Understanding the derivative of a function is fundamental when dealing with calculus, particularly in finding the arc length of a curve. The derivative, denoted as g'(y) in the context of a function g(y), is the rate at which g(y) changes with respect to the variable y. It provides instantaneous slope of the curve at any point y.

For finding the arc length, we first need to compute this derivative, which involves using differentiation rules. If you have a function like g(y) = y^2, the derivative g'(y) would be computed as 2y. The derivative is crucial as it'll be used in the arc length formula to account for how the curve's slope changes along the interval from y = c to y = d.

The arc length formula is a key expression used to determine the length of a segment of a curve. For a curve defined as x = g(y), the arc length formula between two points y = c and y = d is represented as:
\[L = \int_c^d \sqrt{1 + [g'(y)]^2} dy\]
The \(L\) stands for the length of the curve, and \([g'(y)]\) is the derivative of the function g(y) with respect to y. The square root part of the formula makes sure we're accounting for the curve's shape, not just horizontally or vertically but along the actual path the curve takes. It's like stretching a string along the curve and measuring that length – this formula helps to calculate it mathematically.

Integration is the process of finding the whole based on its parts, and in calculus, it is used to compute areas, volumes, and in our case, the lengths of curves. When we integrate, we're essentially adding up an infinite number of infinitesimally small parts to find a total quantity.

For arc length, after plugging in the derivative into the arc length formula, we integrate over the interval from y = c to y = d. The integral symbol \(\int\) signifies this accumulation process, and the limits c and d indicate the start and end points of the segment we're measuring. Through integration, we transition from the general formula for any curve to a specific value for the curve length between two points.

Curve length calculation is a practical application of both derivatives and integration in finding the precise length of a curve. After taking the derivative of the function and plugging it into the arc length formula, we carry out integration to determine the actual length.

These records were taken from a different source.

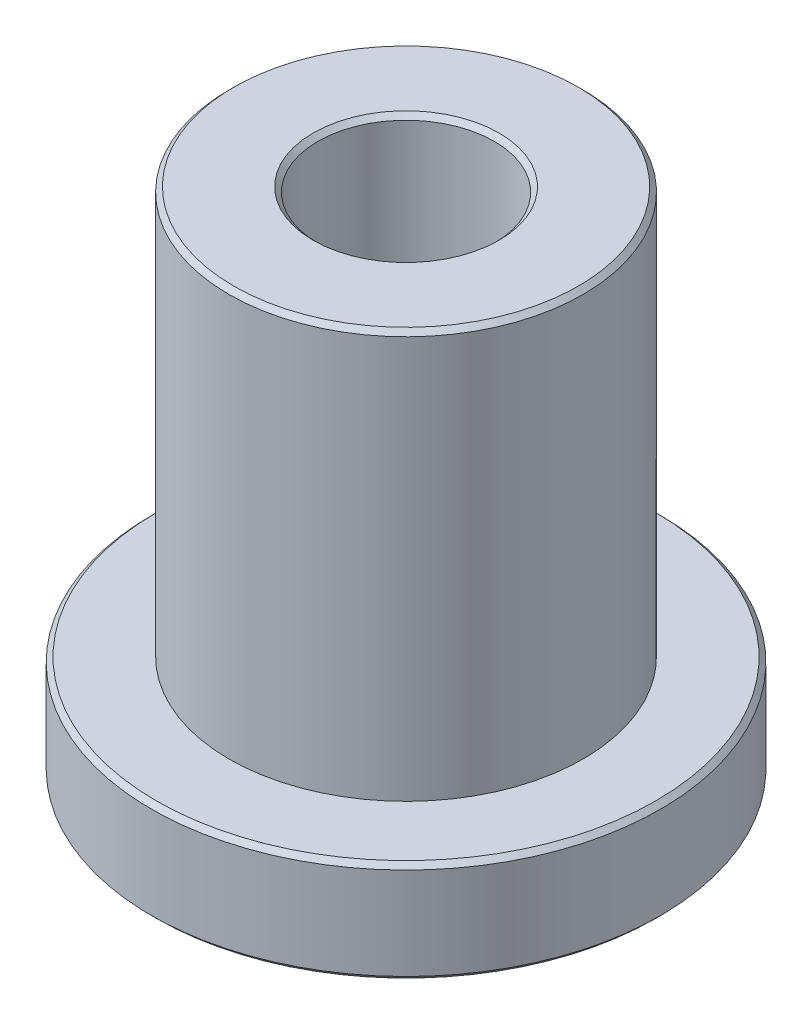
ISO-10303-21;
HEADER;
FILE_DESCRIPTION(('STEP AP214'),'2;1');
FILE_NAME('part.step','',(''),(''),'','','');
FILE_SCHEMA(('AUTOMOTIVE_DESIGN { 1 0 10303 214 1 1 1 1 }'));
ENDSEC;
DATA;
#1=APPLICATION_CONTEXT('core data for automotive mechanical design processes');
#2=APPLICATION_PROTOCOL_DEFINITION('international standard','automotive_design',2000,#1);
#3=PRODUCT_CONTEXT('',#1,'mechanical');
#4=PRODUCT('Part','Part','',(#3));
#5=PRODUCT_RELATED_PRODUCT_CATEGORY('part','',(#4));
#6=PRODUCT_DEFINITION_FORMATION('','',#4);
#7=PRODUCT_DEFINITION_CONTEXT('part definition',#1,'design');
#8=PRODUCT_DEFINITION('design','',#6,#7);
#9=PRODUCT_DEFINITION_SHAPE('','',#8);
#10=(LENGTH_UNIT() NAMED_UNIT(*) SI_UNIT(.MILLI.,.METRE.));
#11=(NAMED_UNIT(*) PLANE_ANGLE_UNIT() SI_UNIT($,.RADIAN.));
#12=(NAMED_UNIT(*) SI_UNIT($,.STERADIAN.) SOLID_ANGLE_UNIT());
#13=UNCERTAINTY_MEASURE_WITH_UNIT(LENGTH_MEASURE(1.E-05),#10,'distance_accuracy_value','');
#14=(GEOMETRIC_REPRESENTATION_CONTEXT(3) GLOBAL_UNCERTAINTY_ASSIGNED_CONTEXT((#13)) GLOBAL_UNIT_ASSIGNED_CONTEXT((#10,
#11,#12)) REPRESENTATION_CONTEXT('',''));
#15=CARTESIAN_POINT('',(0.,0.,0.));
#16=DIRECTION('',(0.,0.,1.));
#17=DIRECTION('',(1.,0.,0.));
#18=AXIS2_PLACEMENT_3D('',#15,#16,#17);
#19=CARTESIAN_POINT('',(0.,25.4,0.));
#20=DIRECTION('',(0.,-1.,0.));
#21=DIRECTION('',(0.,0.,-1.));
#22=AXIS2_PLACEMENT_3D('',#19,#20,#21);
#23=CYLINDRICAL_SURFACE('',#22,11.049);
#24=CARTESIAN_POINT('',(0.,25.100000092,0.));
#25=DIRECTION('',(0.,1.,0.));
#26=DIRECTION('',(0.,0.,1.));
#27=AXIS2_PLACEMENT_3D('',#24,#25,#26);
#28=CIRCLE('',#27,11.049);
#29=CARTESIAN_POINT('',(0.,25.100000092,11.049));
#30=VERTEX_POINT('',#29);
#31=EDGE_CURVE('E10',#30,#30,#28,.F.);
#32=ORIENTED_EDGE('',*,*,#31,.T.);
#33=EDGE_LOOP('',(#32));
#34=FACE_BOUND('',#33,.T.);
#35=CARTESIAN_POINT('',(0.,0.,0.));
#36=DIRECTION('',(0.,1.,0.));
#37=DIRECTION('',(0.,0.,1.));
#38=AXIS2_PLACEMENT_3D('',#35,#36,#37);
#39=CIRCLE('',#38,11.049);
#40=CARTESIAN_POINT('',(0.,0.,11.049));
#41=VERTEX_POINT('',#40);
#42=EDGE_CURVE('E76',#41,#41,#39,.T.);
#43=ORIENTED_EDGE('',*,*,#42,.T.);
#44=EDGE_LOOP('',(#43));
#45=FACE_BOUND('',#44,.T.);
#46=ADVANCED_FACE('F37',(#34,#45),#23,.T.);
#47=CARTESIAN_POINT('',(0.,25.4,0.));
#48=DIRECTION('',(0.,1.,0.));
#49=DIRECTION('',(0.,0.,1.));
#50=AXIS2_PLACEMENT_3D('',#47,#48,#49);
#51=PLANE('',#50);
#52=CARTESIAN_POINT('',(0.,25.4,0.));
#53=DIRECTION('',(0.,1.,0.));
#54=DIRECTION('',(0.,0.,1.));
#55=AXIS2_PLACEMENT_3D('',#52,#53,#54);
#56=CIRCLE('',#55,10.749000092);
#57=CARTESIAN_POINT('',(0.,25.4,10.749000092));
#58=VERTEX_POINT('',#57);
#59=EDGE_CURVE('E45',#58,#58,#56,.T.);
#60=ORIENTED_EDGE('',*,*,#59,.T.);
#61=EDGE_LOOP('',(#60));
#62=FACE_BOUND('',#61,.T.);
#63=CARTESIAN_POINT('',(0.,25.4,0.));
#64=DIRECTION('',(0.,1.,0.));
#65=DIRECTION('',(0.,0.,1.));
#66=AXIS2_PLACEMENT_3D('',#63,#64,#65);
#67=CIRCLE('',#66,5.79999990799999);
#68=CARTESIAN_POINT('',(0.,25.4,5.79999990799999));
#69=VERTEX_POINT('',#68);
#70=EDGE_CURVE('E49',#69,#69,#67,.F.);
#71=ORIENTED_EDGE('',*,*,#70,.T.);
#72=EDGE_LOOP('',(#71));
#73=FACE_BOUND('',#72,.T.);
#74=ADVANCED_FACE('F99',(#62,#73),#51,.T.);
#75=CARTESIAN_POINT('',(0.,-6.35,0.));
#76=DIRECTION('',(0.,1.,0.));
#77=DIRECTION('',(0.,0.,1.));
#78=AXIS2_PLACEMENT_3D('',#75,#76,#77);
#79=CYLINDRICAL_SURFACE('',#78,15.875);
#80=CARTESIAN_POINT('',(0.,-0.299999908,0.));
#81=DIRECTION('',(0.,-1.,0.));
#82=DIRECTION('',(0.,0.,-1.));
#83=AXIS2_PLACEMENT_3D('',#80,#81,#82);
#84=CIRCLE('',#83,15.875);
#85=CARTESIAN_POINT('',(0.,-0.299999908,-15.875));
#86=VERTEX_POINT('',#85);
#87=EDGE_CURVE('E70',#86,#86,#84,.T.);
#88=ORIENTED_EDGE('',*,*,#87,.T.);
#89=EDGE_LOOP('',(#88));
#90=FACE_BOUND('',#89,.T.);
#91=CARTESIAN_POINT('',(0.,-6.05000009199999,0.));
#92=DIRECTION('',(0.,-1.,0.));
#93=DIRECTION('',(0.,0.,-1.));
#94=AXIS2_PLACEMENT_3D('',#91,#92,#93);
#95=CIRCLE('',#94,15.875);
#96=CARTESIAN_POINT('',(0.,-6.05000009199999,-15.875));
#97=VERTEX_POINT('',#96);
#98=EDGE_CURVE('E73',#97,#97,#95,.F.);
#99=ORIENTED_EDGE('',*,*,#98,.T.);
#100=EDGE_LOOP('',(#99));
#101=FACE_BOUND('',#100,.T.);
#102=ADVANCED_FACE('F94',(#90,#101),#79,.T.);
#103=CARTESIAN_POINT('',(0.,-6.35,0.));
#104=DIRECTION('',(0.,-1.,0.));
#105=DIRECTION('',(0.,0.,-1.));
#106=AXIS2_PLACEMENT_3D('',#103,#104,#105);
#107=PLANE('',#106);
#108=CARTESIAN_POINT('',(0.,-6.35,0.));
#109=DIRECTION('',(0.,-1.,0.));
#110=DIRECTION('',(0.,0.,-1.));
#111=AXIS2_PLACEMENT_3D('',#108,#109,#110);
#112=CIRCLE('',#111,15.575000092);
#113=CARTESIAN_POINT('',(0.,-6.35,-15.575000092));
#114=VERTEX_POINT('',#113);
#115=EDGE_CURVE('E61',#114,#114,#112,.T.);
#116=ORIENTED_EDGE('',*,*,#115,.T.);
#117=EDGE_LOOP('',(#116));
#118=FACE_BOUND('',#117,.T.);
#119=CARTESIAN_POINT('',(0.,-6.35,0.));
#120=DIRECTION('',(0.,-1.,0.));
#121=DIRECTION('',(0.,0.,-1.));
#122=AXIS2_PLACEMENT_3D('',#119,#120,#121);
#123=CIRCLE('',#122,5.79999990799999);
#124=CARTESIAN_POINT('',(0.,-6.35,-5.79999990799999));
#125=VERTEX_POINT('',#124);
#126=EDGE_CURVE('E64',#125,#125,#123,.F.);
#127=ORIENTED_EDGE('',*,*,#126,.T.);
#128=EDGE_LOOP('',(#127));
#129=FACE_BOUND('',#128,.T.);
#130=ADVANCED_FACE('F84',(#118,#129),#107,.T.);
#131=CARTESIAN_POINT('',(0.,0.,0.));
#132=DIRECTION('',(0.,-1.,0.));
#133=DIRECTION('',(0.,0.,-1.));
#134=AXIS2_PLACEMENT_3D('',#131,#132,#133);
#135=PLANE('',#134);
#136=CARTESIAN_POINT('',(0.,0.,0.));
#137=DIRECTION('',(0.,-1.,0.));
#138=DIRECTION('',(0.,0.,-1.));
#139=AXIS2_PLACEMENT_3D('',#136,#137,#138);
#140=CIRCLE('',#139,15.575000092);
#141=CARTESIAN_POINT('',(0.,0.,-15.575000092));
#142=VERTEX_POINT('',#141);
#143=EDGE_CURVE('E67',#142,#142,#140,.F.);
#144=ORIENTED_EDGE('',*,*,#143,.T.);
#145=EDGE_LOOP('',(#144));
#146=FACE_BOUND('',#145,.T.);
#147=ORIENTED_EDGE('',*,*,#42,.F.);
#148=EDGE_LOOP('',(#147));
#149=FACE_BOUND('',#148,.T.);
#150=ADVANCED_FACE('F81',(#146,#149),#135,.F.);
#151=CARTESIAN_POINT('',(0.,25.4,0.));
#152=DIRECTION('',(0.,-1.,0.));
#153=DIRECTION('',(0.,0.,-1.));
#154=AXIS2_PLACEMENT_3D('',#151,#152,#153);
#155=CYLINDRICAL_SURFACE('',#154,5.5);
#156=CARTESIAN_POINT('',(0.,-6.050000092,0.));
#157=DIRECTION('',(0.,-1.,0.));
#158=DIRECTION('',(0.,0.,-1.));
#159=AXIS2_PLACEMENT_3D('',#156,#157,#158);
#160=CIRCLE('',#159,5.5);
#161=CARTESIAN_POINT('',(0.,-6.050000092,-5.5));
#162=VERTEX_POINT('',#161);
#163=EDGE_CURVE('E53',#162,#162,#160,.T.);
#164=ORIENTED_EDGE('',*,*,#163,.T.);
#165=EDGE_LOOP('',(#164));
#166=FACE_BOUND('',#165,.T.);
#167=CARTESIAN_POINT('',(0.,25.100000092,0.));
#168=DIRECTION('',(0.,1.,0.));
#169=DIRECTION('',(0.,0.,1.));
#170=AXIS2_PLACEMENT_3D('',#167,#168,#169);
#171=CIRCLE('',#170,5.5);
#172=CARTESIAN_POINT('',(0.,25.100000092,5.5));
#173=VERTEX_POINT('',#172);
#174=EDGE_CURVE('E58',#173,#173,#171,.T.);
#175=ORIENTED_EDGE('',*,*,#174,.T.);
#176=EDGE_LOOP('',(#175));
#177=FACE_BOUND('',#176,.T.);
#178=ADVANCED_FACE('F83',(#166,#177),#155,.F.);
#179=CARTESIAN_POINT('',(0.,-0.299999908,0.));
#180=DIRECTION('',(0.,-1.,0.));
#181=DIRECTION('',(0.,0.,-1.));
#182=AXIS2_PLACEMENT_3D('',#179,#180,#181);
#183=CONICAL_SURFACE('',#182,15.875,0.785398163397454);
#184=ORIENTED_EDGE('',*,*,#143,.F.);
#185=EDGE_LOOP('',(#184));
#186=FACE_BOUND('',#185,.T.);
#187=ORIENTED_EDGE('',*,*,#87,.F.);
#188=EDGE_LOOP('',(#187));
#189=FACE_BOUND('',#188,.T.);
#190=ADVANCED_FACE('F91',(#186,#189),#183,.T.);
#191=CARTESIAN_POINT('',(0.,-6.35,0.));
#192=DIRECTION('',(0.,1.,0.));
#193=DIRECTION('',(0.,0.,1.));
#194=AXIS2_PLACEMENT_3D('',#191,#192,#193);
#195=CONICAL_SURFACE('',#194,15.575000092,0.785398163397448);
#196=ORIENTED_EDGE('',*,*,#98,.F.);
#197=EDGE_LOOP('',(#196));
#198=FACE_BOUND('',#197,.T.);
#199=ORIENTED_EDGE('',*,*,#115,.F.);
#200=EDGE_LOOP('',(#199));
#201=FACE_BOUND('',#200,.T.);
#202=ADVANCED_FACE('F112',(#198,#201),#195,.T.);
#203=CARTESIAN_POINT('',(0.,-6.050000092,0.));
#204=DIRECTION('',(0.,-1.,0.));
#205=DIRECTION('',(0.,0.,-1.));
#206=AXIS2_PLACEMENT_3D('',#203,#204,#205);
#207=CONICAL_SURFACE('',#206,5.5,0.785398163397434);
#208=ORIENTED_EDGE('',*,*,#126,.F.);
#209=EDGE_LOOP('',(#208));
#210=FACE_BOUND('',#209,.T.);
#211=ORIENTED_EDGE('',*,*,#163,.F.);
#212=EDGE_LOOP('',(#211));
#213=FACE_BOUND('',#212,.T.);
#214=ADVANCED_FACE('F119',(#210,#213),#207,.F.);
#215=CARTESIAN_POINT('',(0.,25.4,0.));
#216=DIRECTION('',(0.,-1.,0.));
#217=DIRECTION('',(0.,0.,-1.));
#218=AXIS2_PLACEMENT_3D('',#215,#216,#217);
#219=CONICAL_SURFACE('',#218,10.749000092,0.785398163397443);
#220=ORIENTED_EDGE('',*,*,#31,.F.);
#221=EDGE_LOOP('',(#220));
#222=FACE_BOUND('',#221,.T.);
#223=ORIENTED_EDGE('',*,*,#59,.F.);
#224=EDGE_LOOP('',(#223));
#225=FACE_BOUND('',#224,.T.);
#226=ADVANCED_FACE('F125',(#222,#225),#219,.T.);
#227=CARTESIAN_POINT('',(0.,25.4,0.));
#228=DIRECTION('',(0.,1.,0.));
#229=DIRECTION('',(0.,0.,1.));
#230=AXIS2_PLACEMENT_3D('',#227,#228,#229);
#231=CONICAL_SURFACE('',#230,5.79999990799999,0.785398163397434);
#232=ORIENTED_EDGE('',*,*,#174,.F.);
#233=EDGE_LOOP('',(#232));
#234=FACE_BOUND('',#233,.T.);
#235=ORIENTED_EDGE('',*,*,#70,.F.);
#236=EDGE_LOOP('',(#235));
#237=FACE_BOUND('',#236,.T.);
#238=ADVANCED_FACE('F40',(#234,#237),#231,.F.);
#239=CLOSED_SHELL('',(#46,#74,#102,#130,#150,#178,#190,#202,#214,#226,#238));
#240=MANIFOLD_SOLID_BREP('B2',#239);
#241=ADVANCED_BREP_SHAPE_REPRESENTATION('',(#18,#240),#14);
#242=SHAPE_DEFINITION_REPRESENTATION(#9,#241);
ENDSEC;
END-ISO-10303-21;

This calculation requires care and precision, often involving integral calculus techniques when the function or its derivative is complex. It's not just a straight-forward plug-and-chug method; sometimes we have to simplify the integrand, perform substitution, or even resort to numerical integration methods if the integral does not have an elementary form. The final numerical result provides the exact length of the curve along the path between two points, adding depth to our understanding of the geometric shape of the curve.